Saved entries
━━━
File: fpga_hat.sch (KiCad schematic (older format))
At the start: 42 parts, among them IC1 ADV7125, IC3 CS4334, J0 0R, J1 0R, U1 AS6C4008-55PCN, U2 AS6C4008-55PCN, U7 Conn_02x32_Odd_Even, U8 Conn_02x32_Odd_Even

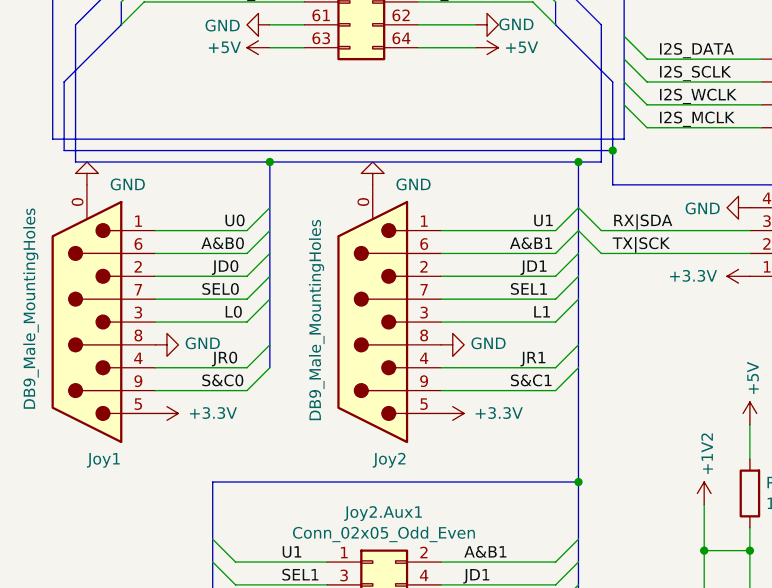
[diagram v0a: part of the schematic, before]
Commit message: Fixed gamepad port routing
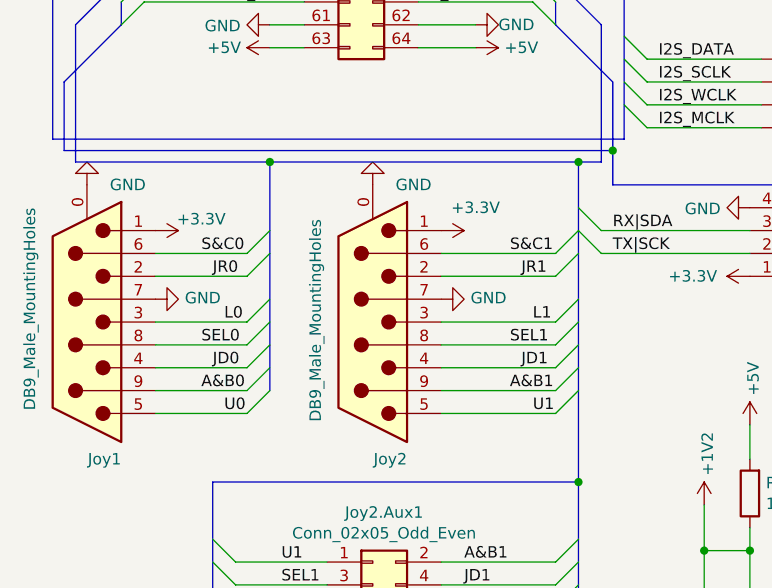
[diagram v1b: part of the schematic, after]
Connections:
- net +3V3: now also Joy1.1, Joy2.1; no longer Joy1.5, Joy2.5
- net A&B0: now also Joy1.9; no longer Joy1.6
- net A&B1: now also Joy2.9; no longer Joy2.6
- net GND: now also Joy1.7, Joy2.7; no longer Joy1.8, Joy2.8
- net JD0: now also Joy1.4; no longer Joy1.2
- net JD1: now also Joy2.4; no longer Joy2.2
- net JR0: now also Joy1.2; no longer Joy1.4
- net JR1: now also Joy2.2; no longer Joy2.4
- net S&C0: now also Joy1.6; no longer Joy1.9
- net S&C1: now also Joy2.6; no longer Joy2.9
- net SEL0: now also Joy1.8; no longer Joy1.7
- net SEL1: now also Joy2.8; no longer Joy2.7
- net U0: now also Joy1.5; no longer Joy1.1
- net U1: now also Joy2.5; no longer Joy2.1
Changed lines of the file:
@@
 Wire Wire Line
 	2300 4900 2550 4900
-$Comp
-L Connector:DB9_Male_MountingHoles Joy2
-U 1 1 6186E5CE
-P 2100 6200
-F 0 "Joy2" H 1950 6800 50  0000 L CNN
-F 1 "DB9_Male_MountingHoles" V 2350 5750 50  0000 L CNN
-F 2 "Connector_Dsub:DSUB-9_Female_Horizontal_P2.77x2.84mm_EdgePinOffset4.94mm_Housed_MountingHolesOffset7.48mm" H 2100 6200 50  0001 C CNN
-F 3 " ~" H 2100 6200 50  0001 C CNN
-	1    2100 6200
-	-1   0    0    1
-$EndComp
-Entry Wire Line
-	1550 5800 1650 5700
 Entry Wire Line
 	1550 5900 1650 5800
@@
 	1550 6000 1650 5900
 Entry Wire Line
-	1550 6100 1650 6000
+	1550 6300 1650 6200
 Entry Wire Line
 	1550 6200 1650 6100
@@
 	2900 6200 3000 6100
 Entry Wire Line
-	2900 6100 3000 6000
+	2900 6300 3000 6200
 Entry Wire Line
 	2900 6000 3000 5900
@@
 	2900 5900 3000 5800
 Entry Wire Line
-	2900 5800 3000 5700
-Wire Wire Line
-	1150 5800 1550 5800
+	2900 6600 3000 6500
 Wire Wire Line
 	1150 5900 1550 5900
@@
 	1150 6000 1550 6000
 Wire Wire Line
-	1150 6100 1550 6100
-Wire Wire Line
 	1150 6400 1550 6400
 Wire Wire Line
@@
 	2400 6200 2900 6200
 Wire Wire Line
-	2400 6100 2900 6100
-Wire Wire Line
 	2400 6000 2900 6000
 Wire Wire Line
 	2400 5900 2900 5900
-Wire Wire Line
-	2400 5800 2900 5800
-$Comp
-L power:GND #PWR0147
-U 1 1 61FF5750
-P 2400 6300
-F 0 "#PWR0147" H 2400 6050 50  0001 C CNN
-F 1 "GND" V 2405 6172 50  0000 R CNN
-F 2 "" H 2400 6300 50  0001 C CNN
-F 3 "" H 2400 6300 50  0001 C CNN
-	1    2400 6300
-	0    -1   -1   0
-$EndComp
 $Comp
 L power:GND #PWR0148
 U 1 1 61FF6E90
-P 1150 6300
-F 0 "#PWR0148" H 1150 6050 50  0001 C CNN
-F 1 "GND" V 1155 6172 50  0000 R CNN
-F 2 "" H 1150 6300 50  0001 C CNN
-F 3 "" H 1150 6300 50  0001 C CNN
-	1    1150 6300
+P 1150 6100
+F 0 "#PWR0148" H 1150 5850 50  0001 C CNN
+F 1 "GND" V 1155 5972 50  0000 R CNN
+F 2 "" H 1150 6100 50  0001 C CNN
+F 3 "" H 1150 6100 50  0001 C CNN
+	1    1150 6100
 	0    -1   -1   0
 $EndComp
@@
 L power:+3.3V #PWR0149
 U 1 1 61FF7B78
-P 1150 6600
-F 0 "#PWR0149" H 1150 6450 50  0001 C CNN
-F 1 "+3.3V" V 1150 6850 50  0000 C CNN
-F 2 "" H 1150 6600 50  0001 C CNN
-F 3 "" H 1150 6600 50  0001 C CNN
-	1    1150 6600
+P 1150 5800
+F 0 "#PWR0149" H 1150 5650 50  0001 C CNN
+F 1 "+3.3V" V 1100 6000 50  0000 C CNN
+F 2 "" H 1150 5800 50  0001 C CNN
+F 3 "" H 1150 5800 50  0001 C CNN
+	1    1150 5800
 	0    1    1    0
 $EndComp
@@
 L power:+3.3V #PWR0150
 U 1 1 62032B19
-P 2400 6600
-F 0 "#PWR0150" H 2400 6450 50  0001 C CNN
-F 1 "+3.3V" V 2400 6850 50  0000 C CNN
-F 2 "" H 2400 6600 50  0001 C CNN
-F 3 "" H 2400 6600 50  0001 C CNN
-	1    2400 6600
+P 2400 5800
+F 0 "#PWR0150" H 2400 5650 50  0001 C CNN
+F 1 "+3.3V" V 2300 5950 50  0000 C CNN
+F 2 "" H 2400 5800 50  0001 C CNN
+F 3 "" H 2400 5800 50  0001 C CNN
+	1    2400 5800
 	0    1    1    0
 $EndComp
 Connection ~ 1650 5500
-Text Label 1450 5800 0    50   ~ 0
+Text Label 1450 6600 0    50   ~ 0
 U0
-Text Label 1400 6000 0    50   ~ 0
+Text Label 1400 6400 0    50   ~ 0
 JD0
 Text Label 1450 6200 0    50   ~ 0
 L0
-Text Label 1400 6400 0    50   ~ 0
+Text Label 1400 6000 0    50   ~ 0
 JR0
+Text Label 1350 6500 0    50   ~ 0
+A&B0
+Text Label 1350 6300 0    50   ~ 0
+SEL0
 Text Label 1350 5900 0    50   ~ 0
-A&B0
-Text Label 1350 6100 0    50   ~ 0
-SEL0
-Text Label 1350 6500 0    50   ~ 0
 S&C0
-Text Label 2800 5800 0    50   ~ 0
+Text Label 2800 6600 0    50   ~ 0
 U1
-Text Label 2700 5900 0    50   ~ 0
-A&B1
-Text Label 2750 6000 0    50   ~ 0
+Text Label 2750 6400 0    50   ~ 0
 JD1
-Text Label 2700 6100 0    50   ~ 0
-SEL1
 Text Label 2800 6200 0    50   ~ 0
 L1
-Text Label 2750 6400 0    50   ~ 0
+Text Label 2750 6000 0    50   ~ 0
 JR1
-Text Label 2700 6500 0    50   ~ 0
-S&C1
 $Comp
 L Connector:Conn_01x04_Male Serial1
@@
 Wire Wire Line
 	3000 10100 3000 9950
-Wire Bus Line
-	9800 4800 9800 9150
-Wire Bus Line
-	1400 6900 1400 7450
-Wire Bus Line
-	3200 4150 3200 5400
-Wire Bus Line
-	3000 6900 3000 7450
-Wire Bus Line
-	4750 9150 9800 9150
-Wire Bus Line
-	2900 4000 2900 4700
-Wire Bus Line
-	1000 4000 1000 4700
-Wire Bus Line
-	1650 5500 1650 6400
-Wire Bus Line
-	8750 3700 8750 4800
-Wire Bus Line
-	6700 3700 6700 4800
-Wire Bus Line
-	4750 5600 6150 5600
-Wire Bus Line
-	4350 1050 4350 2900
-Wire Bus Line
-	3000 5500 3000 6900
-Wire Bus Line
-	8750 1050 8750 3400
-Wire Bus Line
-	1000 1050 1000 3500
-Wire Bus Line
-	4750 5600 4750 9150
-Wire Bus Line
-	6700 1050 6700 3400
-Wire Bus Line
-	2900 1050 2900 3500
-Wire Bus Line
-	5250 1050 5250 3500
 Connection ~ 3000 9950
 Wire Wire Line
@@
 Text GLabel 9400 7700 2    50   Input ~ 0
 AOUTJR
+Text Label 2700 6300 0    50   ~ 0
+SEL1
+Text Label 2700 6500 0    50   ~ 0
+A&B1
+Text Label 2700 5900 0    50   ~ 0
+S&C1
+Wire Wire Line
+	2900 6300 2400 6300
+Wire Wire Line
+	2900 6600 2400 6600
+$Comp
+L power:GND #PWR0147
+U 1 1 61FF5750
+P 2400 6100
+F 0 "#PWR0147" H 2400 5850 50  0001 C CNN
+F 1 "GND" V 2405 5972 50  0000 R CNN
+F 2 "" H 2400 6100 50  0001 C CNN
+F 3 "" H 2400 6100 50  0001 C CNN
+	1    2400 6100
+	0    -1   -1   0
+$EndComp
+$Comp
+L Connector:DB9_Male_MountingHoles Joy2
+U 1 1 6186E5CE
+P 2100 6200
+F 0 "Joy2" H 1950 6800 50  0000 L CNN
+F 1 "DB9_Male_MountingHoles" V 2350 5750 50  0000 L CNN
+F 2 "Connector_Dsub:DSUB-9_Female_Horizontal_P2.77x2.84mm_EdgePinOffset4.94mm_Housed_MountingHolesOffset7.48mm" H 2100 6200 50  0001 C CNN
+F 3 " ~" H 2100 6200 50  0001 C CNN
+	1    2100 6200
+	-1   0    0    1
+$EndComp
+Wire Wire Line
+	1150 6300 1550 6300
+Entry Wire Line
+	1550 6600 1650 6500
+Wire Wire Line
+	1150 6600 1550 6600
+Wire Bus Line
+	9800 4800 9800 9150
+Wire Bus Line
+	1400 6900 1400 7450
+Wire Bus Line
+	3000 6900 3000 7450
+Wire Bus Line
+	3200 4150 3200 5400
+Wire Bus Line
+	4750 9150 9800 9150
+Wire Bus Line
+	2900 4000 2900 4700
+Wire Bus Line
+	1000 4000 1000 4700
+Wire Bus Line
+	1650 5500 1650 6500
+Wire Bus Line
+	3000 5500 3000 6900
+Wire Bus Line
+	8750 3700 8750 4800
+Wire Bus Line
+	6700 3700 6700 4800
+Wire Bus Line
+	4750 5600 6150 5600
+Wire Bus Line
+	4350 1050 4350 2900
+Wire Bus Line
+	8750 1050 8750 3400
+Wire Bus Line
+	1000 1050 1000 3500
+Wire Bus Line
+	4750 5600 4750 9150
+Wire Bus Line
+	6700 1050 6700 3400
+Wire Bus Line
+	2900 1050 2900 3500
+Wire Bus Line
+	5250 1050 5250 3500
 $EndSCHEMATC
━━━
• WHAT TO DO:
Write out only the lines that run from the line containing "6100 1650 6000" through the line containing "2400 6200 2900 6200", both included, exactly as they appear above.

• ANSWER SECTION:
-	1550 6100 1650 6000
+	1550 6300 1650 6200
 Entry Wire Line
 	1550 6200 1650 6100
@@
 	2900 6200 3000 6100
 Entry Wire Line
-	2900 6100 3000 6000
+	2900 6300 3000 6200
 Entry Wire Line
 	2900 6000 3000 5900
@@
 	2900 5900 3000 5800
 Entry Wire Line
-	2900 5800 3000 5700
-Wire Wire Line
-	1150 5800 1550 5800
+	2900 6600 3000 6500
 Wire Wire Line
 	1150 5900 1550 5900
@@
 	1150 6000 1550 6000
 Wire Wire Line
-	1150 6100 1550 6100
-Wire Wire Line
 	1150 6400 1550 6400
 Wire Wire Line
@@
 	2400 6200 2900 6200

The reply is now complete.